03 June 2010

Working Families in Name Only?

The Working Families Party of New York State may be in a fight for its political life. As with any political party in the Empire State, its "life" is its place on the ballot. You get a higher spot alphabetically based on electoral performance, but you get nothing if your candidate for governor gets less than 50,000 votes. As a rule, Working Families endorses the Democratic candidate, expecting enough liberals or progressives to vote for that candidate on the WFP line to preserve their ballot position. This year, however, Attorney General Andrew Cuomo, the Democratic candidate, is reportedly reluctant to occupy the WFP line because the party is under investigation. So is the Independence Party, whose nomination Cuomo has accepted, but that's another story.

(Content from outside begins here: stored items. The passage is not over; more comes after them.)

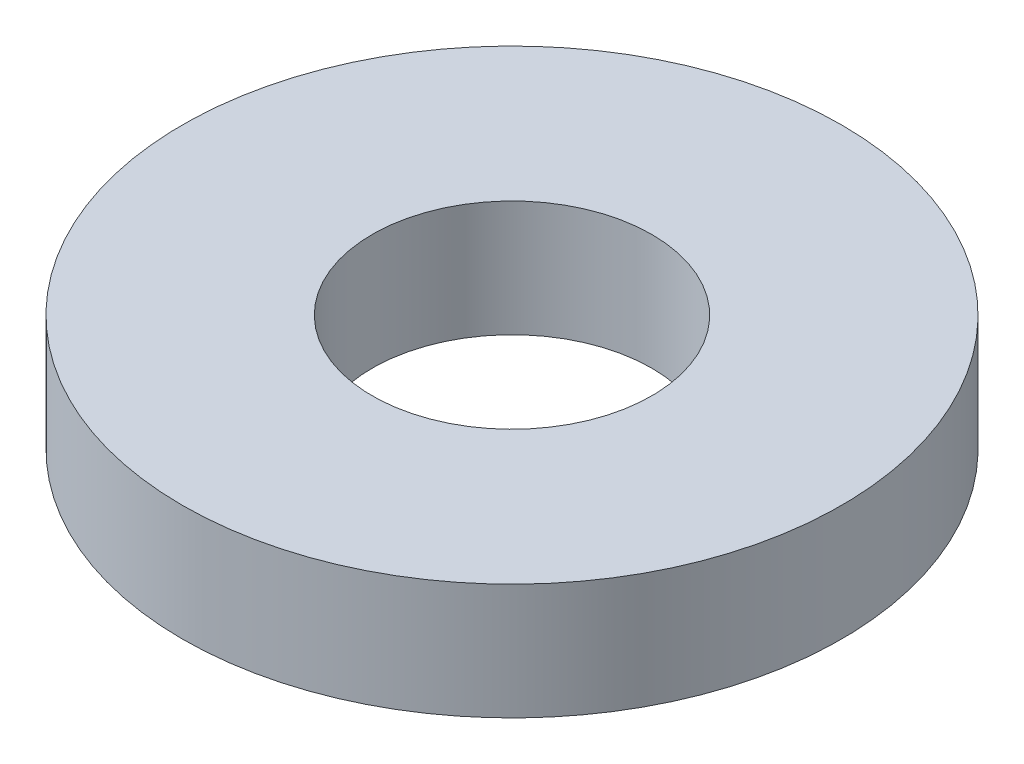
SolidWorks part; units mm, degrees
ref_plane "Front Plane" through (0, 0, 0) normal (0, 0, 1) x (1, 0, 0)
ref_plane "Top Plane" through (0, 0, 0) normal (0, 1, 0) x (1, 0, 0)
ref_plane "Right Plane" through (0, 0, 0) normal (1, 0, 0) x (0, 0, -1)
sketch "Sketch1" plane through (0, 0, 0) normal (0, 1, 0) x (1, 0, 0)
  circle A0 centre (0, 0) radius 82.5
  dimension "FLANGE_OD" = 165
extrude "Boss-Extrude1" add sketch "Sketch1" along normal blind 29
sketch "Sketch2" plane through (0, 0, 0) normal (0, 1, 0) x (1, 0, 0)
  circle A0 centre (0, 0) radius 35
  dimension "BORE_D" = 70
extrude "Cut-Extrude1" cut sketch "Sketch2" along normal through all
sketch "Sketch3" plane through (0, 29, 0) normal (0, 1, 0) x (1, 0, 0)
  circle A0 centre (0, 0) radius 27.947 construction
  circle A1 centre (-27.947, 0) radius 6.2069
  dimension "BOLT_D" = 12.4138
  dimension "BOLT_PCD" = 55.894
extrude "Cut-Extrude2" cut sketch "Sketch3" against normal blind 22.5666 rebuild error yes
pattern_circular "CirPattern1" count 5 over 360 rebuild error yes

An anonymous Working Families sympathizer has introduced legislation in the state senate to change the election rules so that the party can preserve its ballot line by getting 50,000 votes in any statewide election. I found out about this by reading the New York Daily News, which denounced the scheme on its editorial page today.

The editors call it "an underhanded plan" and a "dirty deal" that would "lower the bar" of party viability. They seem to object primarily because the proposal is designed to benefit the WFP, which allegedly "embodies much of what's wrong with New York's dysfunctional government." The News thinks so because Working Families "is essentially a front for major labor unions and other narrow interests that thrive on the excessive state spending and too-high taxes that are sapping New York's economy." The Democratic and Republican parties, of course, aren't "fronts" for anything, especially not narrow interests. You may now scoff.

Meanwhile, Cuomo is still negotiating in hardball fashion with Working Families. He's reportedly worried that WFP will influence the upcoming Democratic primary for the Attorney General nomination by nominating one of the candidates on its own line. The New York Times reports that Cuomo has told the party to nominate "placeholders" for both AG and governor, the idea being that the placeholder AG nominee would not be one of the candidates for the Democratic nomination. Cuomo presumably believes that denying the WFP line to either of her rivals will help his favored candidate, Kathleen Rice. He supposedly holds out the possibility of accepting the Working Families nod on the implicit condition that the party also accepts Rice. The state election law allows the party to replace its nominees between convention or primary and election.

Such is the lot of an independent party in New York State, where ballot lines matter more than principled campaigns. Working Families is basically the "left" counterpart of the state's Conservative Party, the primary reason for each entity's existence being to pressure a more powerful party into nominating ideologically congenial candidates rather than winning power by running such candidates on their own. You have to look to the Greens and Libertarians and the Constitution Party, for starters, for genuine independent candidates. That judgment aside, I don't see anything wrong with the proposal that so bugs the News. Like them or not, the WFP is an established party and should not be relegated to some second class of parties that have to scramble for petitions to get on the ballot. Indeed, there shouldn't be a second class of parties at all, and if that makes things difficult when putting a ballot together, then the ballot itself ought to be reconsidered. That would give once-presumably principled parties like Working Families less cause to compromise themselves. Of course, given that the WFP opposes even the more modest idea of nonpartisan elections, it may be a lost cause, but real reform could only benefit more principled parties in the future.

4 comments:

Anonymous said...

Would they throw as big a tantrum if it were, say, the Conservative Party doing it instead of the WFP? It seems to me to make more sense to simply go by actual party membership. If the WFP can show 50,000 members in NYS, they should be allowed a line on the ballot.

hobbyfan said...

The Conservative Party, if memory serves, has at least a historical lineage. The Working Families don't, and have been shown to be vulnerable to having shadow or dummy candidates inserted under their umbrella to siphon votes from the opposition. That methodology undermines the WFP at its core.

Anonymous said...

Political parties, in general, undermine democracy.

Anonymous said...

It occurs to me that, from a certain perspective, all these groups like the WFP, the CP, the Green Party, et. al. are the modern equivalent of the "political machines" of the 19th/early 20th century. The leaders of these parties are "bosses". They offer the major party candidates a guaranteed block of votes in return for ???